He probado tambien ha montar solo la rama negativa, metiendo uno de los pines del trafo y el comun al rectificador, la salida positiva la tomo como masa y la salida negativa (-33V) la paso por el polo negativo del condensador (el polo positivo a masa y la meto al pin 2 del 7912. El resultado es el mismo salen unos 24 V. Midiendo con el tester comando como masa la salida positiva del rectificador leo en el 7912:
Pin 1: 0V
Pin 2: -33.2V
Pin 3: -24,1V

Tb he comprobado las salidas de alterna del trafo; las dos ramas de los extremos 23.7V respecto a la del centro y 47.6 entre ellas. ya no se que pensar.

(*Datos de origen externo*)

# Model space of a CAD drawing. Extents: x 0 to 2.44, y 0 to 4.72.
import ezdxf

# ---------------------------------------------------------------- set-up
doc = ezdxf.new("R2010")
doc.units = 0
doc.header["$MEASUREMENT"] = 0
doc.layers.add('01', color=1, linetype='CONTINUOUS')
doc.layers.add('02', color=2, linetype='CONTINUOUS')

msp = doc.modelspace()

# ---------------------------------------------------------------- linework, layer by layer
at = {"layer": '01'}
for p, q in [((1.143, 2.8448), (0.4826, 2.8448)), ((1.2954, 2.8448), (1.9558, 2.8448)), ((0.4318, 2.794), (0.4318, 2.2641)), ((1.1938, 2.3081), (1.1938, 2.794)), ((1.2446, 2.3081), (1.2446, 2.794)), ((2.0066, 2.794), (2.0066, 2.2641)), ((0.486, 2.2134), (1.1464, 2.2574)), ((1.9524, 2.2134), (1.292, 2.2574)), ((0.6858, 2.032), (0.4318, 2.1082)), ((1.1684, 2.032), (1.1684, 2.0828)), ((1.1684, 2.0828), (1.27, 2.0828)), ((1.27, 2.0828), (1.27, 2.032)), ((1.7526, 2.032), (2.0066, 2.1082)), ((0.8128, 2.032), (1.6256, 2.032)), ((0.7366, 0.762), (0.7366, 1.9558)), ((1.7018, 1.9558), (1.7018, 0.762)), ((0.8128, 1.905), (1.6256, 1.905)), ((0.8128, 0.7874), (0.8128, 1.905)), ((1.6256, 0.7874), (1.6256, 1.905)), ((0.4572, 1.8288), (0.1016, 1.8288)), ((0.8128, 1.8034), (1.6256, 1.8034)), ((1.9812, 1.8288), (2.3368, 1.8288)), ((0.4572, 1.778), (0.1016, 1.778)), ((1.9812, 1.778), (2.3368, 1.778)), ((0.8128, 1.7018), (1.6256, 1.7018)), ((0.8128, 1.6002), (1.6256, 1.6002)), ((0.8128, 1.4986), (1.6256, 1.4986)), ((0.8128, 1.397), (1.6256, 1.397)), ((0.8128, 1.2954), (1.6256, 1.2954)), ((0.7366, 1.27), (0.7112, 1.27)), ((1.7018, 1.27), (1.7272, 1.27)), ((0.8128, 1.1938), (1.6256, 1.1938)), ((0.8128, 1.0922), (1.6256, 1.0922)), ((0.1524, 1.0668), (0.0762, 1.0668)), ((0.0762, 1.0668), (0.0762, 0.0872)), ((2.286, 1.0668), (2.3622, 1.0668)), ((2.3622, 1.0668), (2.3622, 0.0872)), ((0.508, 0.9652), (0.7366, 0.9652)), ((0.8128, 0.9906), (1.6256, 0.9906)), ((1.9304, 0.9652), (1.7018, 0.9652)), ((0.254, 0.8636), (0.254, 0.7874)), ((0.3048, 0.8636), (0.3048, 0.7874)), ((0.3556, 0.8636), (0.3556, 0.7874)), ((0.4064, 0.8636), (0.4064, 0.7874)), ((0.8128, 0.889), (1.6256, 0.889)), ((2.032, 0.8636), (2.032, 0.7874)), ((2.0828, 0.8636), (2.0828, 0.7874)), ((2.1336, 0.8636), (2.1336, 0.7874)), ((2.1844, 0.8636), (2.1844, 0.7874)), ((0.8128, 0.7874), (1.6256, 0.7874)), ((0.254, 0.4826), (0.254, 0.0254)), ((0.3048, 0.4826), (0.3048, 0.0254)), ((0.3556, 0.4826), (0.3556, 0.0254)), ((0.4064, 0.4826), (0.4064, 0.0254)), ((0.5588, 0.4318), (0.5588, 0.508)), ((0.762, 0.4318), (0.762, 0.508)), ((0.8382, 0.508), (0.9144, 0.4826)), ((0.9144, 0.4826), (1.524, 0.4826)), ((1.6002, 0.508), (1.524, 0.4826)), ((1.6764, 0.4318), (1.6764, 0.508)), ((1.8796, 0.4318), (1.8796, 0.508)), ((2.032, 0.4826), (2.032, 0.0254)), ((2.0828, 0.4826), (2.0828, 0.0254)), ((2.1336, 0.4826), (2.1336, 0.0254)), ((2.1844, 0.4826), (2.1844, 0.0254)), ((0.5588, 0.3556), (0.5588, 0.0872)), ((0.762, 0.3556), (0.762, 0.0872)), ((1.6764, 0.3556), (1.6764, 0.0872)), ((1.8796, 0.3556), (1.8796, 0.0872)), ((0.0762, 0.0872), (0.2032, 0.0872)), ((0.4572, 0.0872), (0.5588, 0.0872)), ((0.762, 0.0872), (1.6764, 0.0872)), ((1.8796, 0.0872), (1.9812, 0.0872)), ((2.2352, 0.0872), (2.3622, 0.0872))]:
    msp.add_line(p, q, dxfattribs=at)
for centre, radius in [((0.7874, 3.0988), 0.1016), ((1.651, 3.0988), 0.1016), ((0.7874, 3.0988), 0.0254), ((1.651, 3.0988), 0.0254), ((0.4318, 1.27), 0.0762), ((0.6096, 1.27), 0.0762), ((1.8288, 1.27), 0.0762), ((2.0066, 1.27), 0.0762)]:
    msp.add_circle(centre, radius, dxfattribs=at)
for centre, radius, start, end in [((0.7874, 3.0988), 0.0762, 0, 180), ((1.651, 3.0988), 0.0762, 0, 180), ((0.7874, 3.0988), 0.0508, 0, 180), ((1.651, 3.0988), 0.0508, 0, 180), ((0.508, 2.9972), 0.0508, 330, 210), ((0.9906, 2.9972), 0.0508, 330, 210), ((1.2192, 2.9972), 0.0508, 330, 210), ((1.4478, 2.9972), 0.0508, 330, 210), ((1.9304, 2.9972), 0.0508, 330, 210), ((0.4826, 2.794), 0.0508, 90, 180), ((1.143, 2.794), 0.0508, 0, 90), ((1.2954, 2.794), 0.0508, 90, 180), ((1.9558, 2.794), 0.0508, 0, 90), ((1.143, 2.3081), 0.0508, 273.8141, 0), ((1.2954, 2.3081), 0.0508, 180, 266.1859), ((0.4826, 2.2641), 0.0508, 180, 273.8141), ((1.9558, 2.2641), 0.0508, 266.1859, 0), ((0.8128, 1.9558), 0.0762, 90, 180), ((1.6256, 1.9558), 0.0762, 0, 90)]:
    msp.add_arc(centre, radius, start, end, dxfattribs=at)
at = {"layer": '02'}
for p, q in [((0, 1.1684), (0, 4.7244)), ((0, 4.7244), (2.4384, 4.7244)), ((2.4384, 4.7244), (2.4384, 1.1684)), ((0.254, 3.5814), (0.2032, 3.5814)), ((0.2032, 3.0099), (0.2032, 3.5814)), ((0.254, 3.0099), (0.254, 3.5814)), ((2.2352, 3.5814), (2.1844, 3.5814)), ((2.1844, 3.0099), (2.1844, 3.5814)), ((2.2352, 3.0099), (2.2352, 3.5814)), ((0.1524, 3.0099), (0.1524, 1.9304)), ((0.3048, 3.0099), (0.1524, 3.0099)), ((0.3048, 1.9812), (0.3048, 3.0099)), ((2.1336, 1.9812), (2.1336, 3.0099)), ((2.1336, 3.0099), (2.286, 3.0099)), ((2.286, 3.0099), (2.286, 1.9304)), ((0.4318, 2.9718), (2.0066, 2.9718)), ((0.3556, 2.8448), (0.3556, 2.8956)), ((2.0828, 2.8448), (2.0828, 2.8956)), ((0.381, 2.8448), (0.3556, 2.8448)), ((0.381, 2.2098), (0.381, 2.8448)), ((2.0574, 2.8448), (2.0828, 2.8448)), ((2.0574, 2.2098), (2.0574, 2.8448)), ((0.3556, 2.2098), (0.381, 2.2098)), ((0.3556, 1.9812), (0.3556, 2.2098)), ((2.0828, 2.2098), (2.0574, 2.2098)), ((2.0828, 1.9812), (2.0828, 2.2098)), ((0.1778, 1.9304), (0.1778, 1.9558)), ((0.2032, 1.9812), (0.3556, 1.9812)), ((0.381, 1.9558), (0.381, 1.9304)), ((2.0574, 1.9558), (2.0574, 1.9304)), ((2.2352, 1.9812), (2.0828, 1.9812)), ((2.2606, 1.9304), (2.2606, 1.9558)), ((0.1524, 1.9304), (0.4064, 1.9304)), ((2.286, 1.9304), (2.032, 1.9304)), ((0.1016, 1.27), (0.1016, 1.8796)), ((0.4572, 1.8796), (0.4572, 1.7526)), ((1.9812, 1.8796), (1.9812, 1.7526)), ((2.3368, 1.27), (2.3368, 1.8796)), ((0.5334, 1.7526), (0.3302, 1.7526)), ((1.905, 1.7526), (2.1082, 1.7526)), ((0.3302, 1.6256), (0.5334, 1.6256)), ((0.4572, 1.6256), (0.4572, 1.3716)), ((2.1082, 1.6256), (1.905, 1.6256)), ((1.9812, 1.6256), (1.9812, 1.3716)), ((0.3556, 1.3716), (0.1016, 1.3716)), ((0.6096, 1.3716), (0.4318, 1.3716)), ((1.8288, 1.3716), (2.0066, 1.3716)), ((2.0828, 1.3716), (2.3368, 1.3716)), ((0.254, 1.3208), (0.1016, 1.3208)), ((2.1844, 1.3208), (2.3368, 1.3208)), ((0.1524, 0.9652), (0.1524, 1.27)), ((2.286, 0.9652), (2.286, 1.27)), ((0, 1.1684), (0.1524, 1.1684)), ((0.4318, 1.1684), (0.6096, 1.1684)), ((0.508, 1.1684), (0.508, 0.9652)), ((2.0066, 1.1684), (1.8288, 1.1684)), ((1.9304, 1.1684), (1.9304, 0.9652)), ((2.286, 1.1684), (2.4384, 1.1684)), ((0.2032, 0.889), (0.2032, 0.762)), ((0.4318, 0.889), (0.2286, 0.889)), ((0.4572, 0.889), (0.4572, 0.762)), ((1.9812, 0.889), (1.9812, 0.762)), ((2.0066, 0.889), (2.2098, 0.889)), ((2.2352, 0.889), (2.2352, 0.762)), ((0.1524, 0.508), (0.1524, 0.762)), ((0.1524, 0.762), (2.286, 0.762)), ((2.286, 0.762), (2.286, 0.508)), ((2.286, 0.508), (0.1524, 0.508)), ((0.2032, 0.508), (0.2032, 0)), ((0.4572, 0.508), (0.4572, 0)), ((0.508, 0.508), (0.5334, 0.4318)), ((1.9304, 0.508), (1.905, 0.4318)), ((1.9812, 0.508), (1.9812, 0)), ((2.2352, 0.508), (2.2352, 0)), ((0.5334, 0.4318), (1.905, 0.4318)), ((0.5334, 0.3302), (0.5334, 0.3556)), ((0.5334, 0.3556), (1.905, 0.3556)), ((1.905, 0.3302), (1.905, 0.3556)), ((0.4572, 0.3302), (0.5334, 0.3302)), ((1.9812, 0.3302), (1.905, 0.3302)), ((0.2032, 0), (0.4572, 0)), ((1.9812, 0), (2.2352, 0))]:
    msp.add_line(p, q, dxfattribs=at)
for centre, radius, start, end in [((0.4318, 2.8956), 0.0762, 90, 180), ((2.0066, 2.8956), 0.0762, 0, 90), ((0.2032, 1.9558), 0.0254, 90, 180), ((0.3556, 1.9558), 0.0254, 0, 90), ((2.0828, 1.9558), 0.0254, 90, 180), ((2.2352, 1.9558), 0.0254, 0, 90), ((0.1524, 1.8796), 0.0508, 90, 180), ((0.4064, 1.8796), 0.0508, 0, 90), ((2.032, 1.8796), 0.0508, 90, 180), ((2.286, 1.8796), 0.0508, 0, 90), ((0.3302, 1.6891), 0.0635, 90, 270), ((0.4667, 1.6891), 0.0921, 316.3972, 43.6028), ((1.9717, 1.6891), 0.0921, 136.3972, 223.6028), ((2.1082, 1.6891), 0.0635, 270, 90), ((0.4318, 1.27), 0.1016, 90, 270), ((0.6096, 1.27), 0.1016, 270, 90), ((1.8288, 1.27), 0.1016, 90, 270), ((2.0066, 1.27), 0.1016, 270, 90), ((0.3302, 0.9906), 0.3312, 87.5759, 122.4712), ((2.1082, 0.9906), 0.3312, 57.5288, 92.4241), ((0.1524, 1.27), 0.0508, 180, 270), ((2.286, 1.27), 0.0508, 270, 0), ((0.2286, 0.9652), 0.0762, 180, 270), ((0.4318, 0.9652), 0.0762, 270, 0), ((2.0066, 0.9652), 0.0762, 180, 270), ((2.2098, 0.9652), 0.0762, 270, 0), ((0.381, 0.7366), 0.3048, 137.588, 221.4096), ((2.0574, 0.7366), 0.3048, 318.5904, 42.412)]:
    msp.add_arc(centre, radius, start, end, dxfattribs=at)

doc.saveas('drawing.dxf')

Tambien he probado este otro circuito, y tocate los pies, cuando lo conecto se me calientan a saco los rectificadores y el trafo. Es correcto puentear el polo positivo de un rectificador con el negativo del otro??

los encapsulados son TO-220


----------



## Electronec (Jul 24, 2010)

¿No tendras mal conectado el puente rectificador, o que este, esté estropeado?

El tester ¿no estará mal?

Saludos.


----------



## yoglorfindel (Jul 24, 2010)

Pues no creo, las conexiones del pueste son muy claras, y lo conecto de la misma forma que para la rama del 7812 que funciona perfectamente.
La verdad es que el tester es de los cutrecillos, pero hasta ahora me ha medido medido bien. Nose, el lunes puedo probar con uno del curro, pero no me parece probable que este estropeado.


----------



## Cacho (Jul 24, 2010)

Una sola palabra: Fotos.

De arriba y de abajo de la plaqueta. Así todos podríamos adivinar un tanto mejor dónde está el problema 

Saludos


----------



## yoglorfindel (Jul 24, 2010)

Dalo por hecho jejeje, hoy no me da tiempo *POR*q*UE* he quedado en un ratillo, pero mañana os pongo el "book" de mis chapucillas jejejej.

Muchas gracias


----------



## yoglorfindel (Jul 26, 2010)

Aupa Gente:

Siento haber tardado en colgar las fotos, pero la resaca me jugó una mala pasada ayer jejeje.
He simplificado el circuito al maximo. Trafo-rectificador-condensador-l7912. Os envio una foto del circuito general, detalle del trafo, detalle del circuito, detalle midiendo la entrada del L7912 en el pin 2 y detalle leyendo la salida en el pin 3.
Por favor quitadme esta espina...


----------



## Ferny (Jul 26, 2010)

No veo el marking del rectificador pero las conexiones están un poco extrañas, los rectificadores que he visto suelen tener el + y - juntos o bien los dos ~ juntos. Mira a ver si lo tienes bien conectado (las patitas ~ al transformador, y las + y - al condensador).


----------



## Cacho (Jul 26, 2010)

Me sumo a lo que dice Ferny y agrego: ¿Cómo conectaste el trafo?.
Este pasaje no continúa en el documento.